**REQUIRED WORK**: All entries below must be output word for word, and the pictures left behind.

SOURCE MATERIAL below:

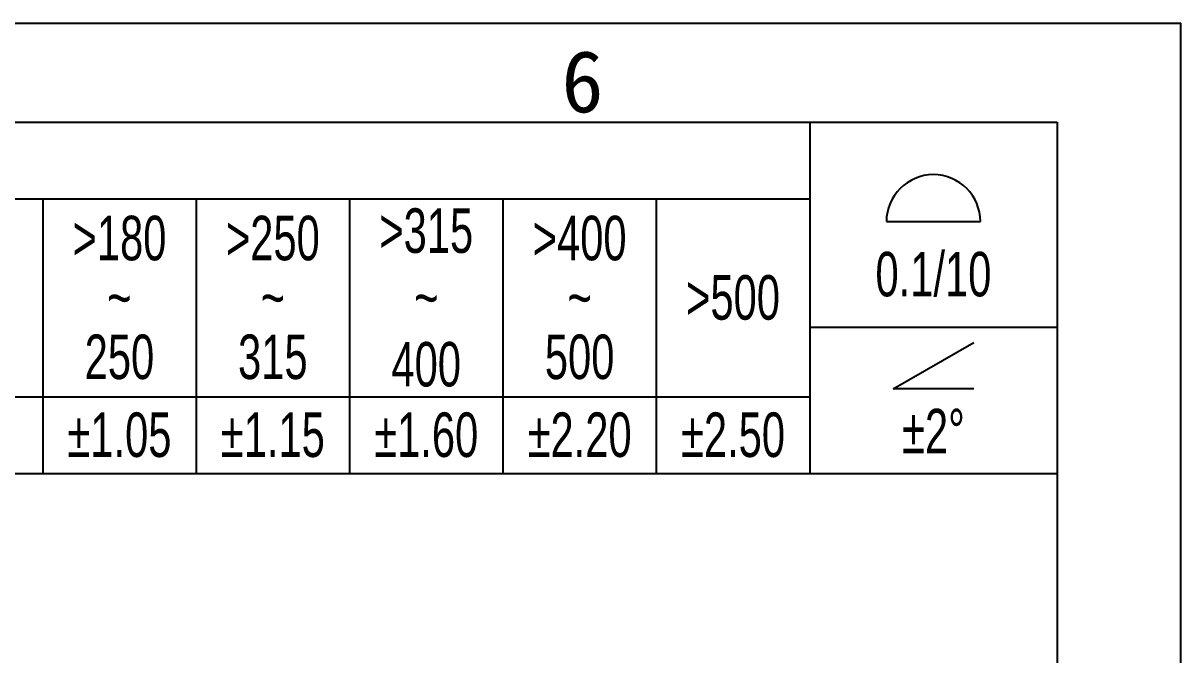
# Model space of a CAD drawing. Header units: millimetres. Extents: x 6 to 292, y 5 to 204.
# Drawn here: x 245.21 to 292, y 178.46 to 204 of the extents above; entities that cross this region are included whole.
import ezdxf

# ---------------------------------------------------------------- set-up
doc = ezdxf.new("R2010")
doc.units = ezdxf.units.MM
for name, color, linetype in [('TEXT', 7, 'Continuous'), ('图框', 7, 'Continuous'), ('尺寸层', 7, 'Continuous'), ('细实线', 7, 'Continuous'), ('轮廓线', 7, 'Continuous')]:
    doc.layers.add(name, color=color, linetype=linetype)
doc.styles.add('SEACAD_Arial', font='arial.ttf')

# ---------------------------------------------------------------- blocks, each defined once
blk = doc.blocks.new('Customer-technical.dft')
at = {"layer": '细实线', "color": 7, "linetype": 'Continuous'}
for p, q in [((-96.8, 0), (0, 0)), ((-10, 0), (-10, -14.2)), ((0, 0), (0, -14.2)), ((-96.8, -3.1), (-10, -3.1)), ((-41, -3.1), (-41, -14.2)), ((-34.8, -3.1), (-34.8, -14.2)), ((-28.6, -3.1), (-28.6, -14.2)), ((-22.4, -3.1), (-22.4, -14.2)), ((-16.2, -3.1), (-16.2, -14.2)), ((-6.9, -4.025), (-3.1, -4.025)), ((-10, -8.291), (0, -8.291)), ((-6.63, -10.786), (-3.37, -8.905)), ((-96.8, -11.1), (-10, -11.1)), ((-3.37, -10.786), (-6.63, -10.786)), ((-96.8, -14.2), (0, -14.2))]:
    blk.add_line(p, q, dxfattribs=at)
blk.add_arc((-5, -4.025), 1.9, 0, 180, dxfattribs=at)
at = {"layer": 'TEXT', "char_height": 1.8, "attachment_point": 5, "style": 'SEACAD_Arial'}
for s, insert, width, line_spacing_factor in [('{\\fAdobe Myungjo Std M|b0||i0||c0|p34;\\C7;\\H1.8;\\W0.7;>315\\P}{\\fAdobe Myungjo Std M|b0||i0||c0|p34;\\C7;\\H1.8;\\W0.7;~\\P}{\\fAdobe Myungjo Std M|b0||i0||c0|p34;\\C7;\\H1.8;\\W0.7;400}', (-25.5, -7.1), 8.06639, 0.9), ('{\\fAdobe Myungjo Std M|b0||i0||c0|p34;\\C7;\\H1.8;\\W0.7;>180\\P}{\\fAdobe Myungjo Std M|b0||i0||c0|p34;\\C7;\\H1.8;\\W0.7;~\\P}{\\fAdobe Myungjo Std M|b0||i0||c0|p34;\\C7;\\H1.8;\\W0.7;250}', (-37.9, -7.1), 6.08001, 0.8), ('{\\fAdobe Myungjo Std M|b0||i0||c0|p34;\\C7;\\H1.8;\\W0.7;>250\\P}{\\fAdobe Myungjo Std M|b0||i0||c0|p34;\\C7;\\H1.8;\\W0.7;~\\P}{\\fAdobe Myungjo Std M|b0||i0||c0|p34;\\C7;\\H1.8;\\W0.7;315}', (-31.7, -7.1), 6.08001, 0.8), ('{\\fAdobe Myungjo Std M|b0||i0||c0|p34;\\C7;\\H1.8;\\W0.7;>400\\P}{\\fAdobe Myungjo Std M|b0||i0||c0|p34;\\C7;\\H1.8;\\W0.7;~\\P}{\\fAdobe Myungjo Std M|b0||i0||c0|p34;\\C7;\\H1.8;\\W0.7;500}', (-19.3, -7.1), 6.08001, 0.8)]:
    blk.add_mtext(s, dxfattribs=dict(at, insert=insert, width=width, line_spacing_factor=line_spacing_factor))
for s, insert, width in [('{\\fAdobe Myungjo Std M|b0||i0||c0|p34;\\C7;\\H1.8;\\W0.7;0.1/10}', (-5, -6.158), 10), ('{\\fAdobe Myungjo Std M|b0||i0||c0|p34;\\C7;\\H1.8;\\W0.7;>500}', (-13.1, -7.1), 6.08001), ('{\\fAdobe Myungjo Std M|b0||i0||c0|p34;\\C7;\\H1.8;\\W0.7;±2°}', (-5, -12.493), 10), ('{\\fAdobe Myungjo Std M|b0||i0||c0|p34;\\C7;\\H1.8;\\W0.7;±1.05}', (-37.9, -12.65), 6.57956), ('{\\fAdobe Myungjo Std M|b0||i0||c0|p34;\\C7;\\H1.8;\\W0.7;±1.15}', (-31.7, -12.65), 6.57956), ('{\\fAdobe Myungjo Std M|b0||i0||c0|p34;\\C7;\\H1.8;\\W0.7;±1.60}', (-25.5, -12.65), 6.57956), ('{\\fAdobe Myungjo Std M|b0||i0||c0|p34;\\C7;\\H1.8;\\W0.7;±2.20}', (-19.3, -12.65), 6.57956), ('{\\fAdobe Myungjo Std M|b0||i0||c0|p34;\\C7;\\H1.8;\\W0.7;±2.50}', (-13.1, -12.65), 6.57956)]:
    blk.add_mtext(s, dxfattribs=dict(at, insert=insert, width=width))
blk = doc.blocks.new('A4-drawing_frame')
at = {"layer": '细实线', "color": 7, "linetype": 'Continuous'}
for p in [(-286.5, 199), (0, 0)]:
    blk.add_line(p, (0, 199), dxfattribs=at)
at = {"layer": '轮廓线', "color": 7, "linetype": 'Continuous'}
for p, q in [((-282, 195), (-5, 195)), ((-5, 195), (-5, 5))]:
    blk.add_line(p, q, dxfattribs=at)
at = {"layer": 'TEXT', "insert": (-25.035, 195.352), "char_height": 2.5, "width": 1.88357, "attachment_point": 7}
blk.add_mtext('{\\f宋体|b0||i0||c0|p34;\\C7;\\H2.5;\\W1.;6}', dxfattribs=at)

msp = doc.modelspace()

# ---------------------------------------------------------------- block references
at = {"layer": '图框', "color": 7}
msp.add_blockref('A4-drawing_frame', (292, 5), dxfattribs=at)
at = {"layer": '尺寸层', "color": 7}
msp.add_blockref('Customer-technical.dft', (287, 200), dxfattribs=at)

doc.saveas('drawing.dxf')

End of SOURCE MATERIAL.

**YOUR SOLUTION**:
# Model space of a CAD drawing. Header units: millimetres. Extents: x 6 to 292, y 5 to 204.
# Drawn here: x 245.21 to 292, y 178.46 to 204 of the extents above; entities that cross this region are included whole.
import ezdxf

# ---------------------------------------------------------------- set-up
doc = ezdxf.new("R2010")
doc.units = ezdxf.units.MM
for name, color, linetype in [('TEXT', 7, 'Continuous'), ('图框', 7, 'Continuous'), ('尺寸层', 7, 'Continuous'), ('细实线', 7, 'Continuous'), ('轮廓线', 7, 'Continuous')]:
    doc.layers.add(name, color=color, linetype=linetype)
doc.styles.add('SEACAD_Arial', font='arial.ttf')

# ---------------------------------------------------------------- blocks, each defined once
blk = doc.blocks.new('Customer-technical.dft')
at = {"layer": '细实线', "color": 7, "linetype": 'Continuous'}
for p, q in [((-96.8, 0), (0, 0)), ((-10, 0), (-10, -14.2)), ((0, 0), (0, -14.2)), ((-96.8, -3.1), (-10, -3.1)), ((-41, -3.1), (-41, -14.2)), ((-34.8, -3.1), (-34.8, -14.2)), ((-28.6, -3.1), (-28.6, -14.2)), ((-22.4, -3.1), (-22.4, -14.2)), ((-16.2, -3.1), (-16.2, -14.2)), ((-6.9, -4.025), (-3.1, -4.025)), ((-10, -8.291), (0, -8.291)), ((-6.63, -10.786), (-3.37, -8.905)), ((-96.8, -11.1), (-10, -11.1)), ((-3.37, -10.786), (-6.63, -10.786)), ((-96.8, -14.2), (0, -14.2))]:
    blk.add_line(p, q, dxfattribs=at)
blk.add_arc((-5, -4.025), 1.9, 0, 180, dxfattribs=at)
at = {"layer": 'TEXT', "char_height": 1.8, "attachment_point": 5, "style": 'SEACAD_Arial'}
for s, insert, width, line_spacing_factor in [('{\\fAdobe Myungjo Std M|b0||i0||c0|p34;\\C7;\\H1.8;\\W0.7;>315\\P}{\\fAdobe Myungjo Std M|b0||i0||c0|p34;\\C7;\\H1.8;\\W0.7;~\\P}{\\fAdobe Myungjo Std M|b0||i0||c0|p34;\\C7;\\H1.8;\\W0.7;400}', (-25.5, -7.1), 8.06639, 0.9), ('{\\fAdobe Myungjo Std M|b0||i0||c0|p34;\\C7;\\H1.8;\\W0.7;>180\\P}{\\fAdobe Myungjo Std M|b0||i0||c0|p34;\\C7;\\H1.8;\\W0.7;~\\P}{\\fAdobe Myungjo Std M|b0||i0||c0|p34;\\C7;\\H1.8;\\W0.7;250}', (-37.9, -7.1), 6.08001, 0.8), ('{\\fAdobe Myungjo Std M|b0||i0||c0|p34;\\C7;\\H1.8;\\W0.7;>250\\P}{\\fAdobe Myungjo Std M|b0||i0||c0|p34;\\C7;\\H1.8;\\W0.7;~\\P}{\\fAdobe Myungjo Std M|b0||i0||c0|p34;\\C7;\\H1.8;\\W0.7;315}', (-31.7, -7.1), 6.08001, 0.8), ('{\\fAdobe Myungjo Std M|b0||i0||c0|p34;\\C7;\\H1.8;\\W0.7;>400\\P}{\\fAdobe Myungjo Std M|b0||i0||c0|p34;\\C7;\\H1.8;\\W0.7;~\\P}{\\fAdobe Myungjo Std M|b0||i0||c0|p34;\\C7;\\H1.8;\\W0.7;500}', (-19.3, -7.1), 6.08001, 0.8)]:
    blk.add_mtext(s, dxfattribs=dict(at, insert=insert, width=width, line_spacing_factor=line_spacing_factor))
for s, insert, width in [('{\\fAdobe Myungjo Std M|b0||i0||c0|p34;\\C7;\\H1.8;\\W0.7;0.1/10}', (-5, -6.158), 10), ('{\\fAdobe Myungjo Std M|b0||i0||c0|p34;\\C7;\\H1.8;\\W0.7;>500}', (-13.1, -7.1), 6.08001), ('{\\fAdobe Myungjo Std M|b0||i0||c0|p34;\\C7;\\H1.8;\\W0.7;±2°}', (-5, -12.493), 10), ('{\\fAdobe Myungjo Std M|b0||i0||c0|p34;\\C7;\\H1.8;\\W0.7;±1.05}', (-37.9, -12.65), 6.57956), ('{\\fAdobe Myungjo Std M|b0||i0||c0|p34;\\C7;\\H1.8;\\W0.7;±1.15}', (-31.7, -12.65), 6.57956), ('{\\fAdobe Myungjo Std M|b0||i0||c0|p34;\\C7;\\H1.8;\\W0.7;±1.60}', (-25.5, -12.65), 6.57956), ('{\\fAdobe Myungjo Std M|b0||i0||c0|p34;\\C7;\\H1.8;\\W0.7;±2.20}', (-19.3, -12.65), 6.57956), ('{\\fAdobe Myungjo Std M|b0||i0||c0|p34;\\C7;\\H1.8;\\W0.7;±2.50}', (-13.1, -12.65), 6.57956)]:
    blk.add_mtext(s, dxfattribs=dict(at, insert=insert, width=width))
blk = doc.blocks.new('A4-drawing_frame')
at = {"layer": '细实线', "color": 7, "linetype": 'Continuous'}
for p in [(-286.5, 199), (0, 0)]:
    blk.add_line(p, (0, 199), dxfattribs=at)
at = {"layer": '轮廓线', "color": 7, "linetype": 'Continuous'}
for p, q in [((-282, 195), (-5, 195)), ((-5, 195), (-5, 5))]:
    blk.add_line(p, q, dxfattribs=at)
at = {"layer": 'TEXT', "insert": (-25.035, 195.352), "char_height": 2.5, "width": 1.88357, "attachment_point": 7}
blk.add_mtext('{\\f宋体|b0||i0||c0|p34;\\C7;\\H2.5;\\W1.;6}', dxfattribs=at)

msp = doc.modelspace()

# ---------------------------------------------------------------- block references
at = {"layer": '图框', "color": 7}
msp.add_blockref('A4-drawing_frame', (292, 5), dxfattribs=at)
at = {"layer": '尺寸层', "color": 7}
msp.add_blockref('Customer-technical.dft', (287, 200), dxfattribs=at)

doc.saveas('drawing.dxf')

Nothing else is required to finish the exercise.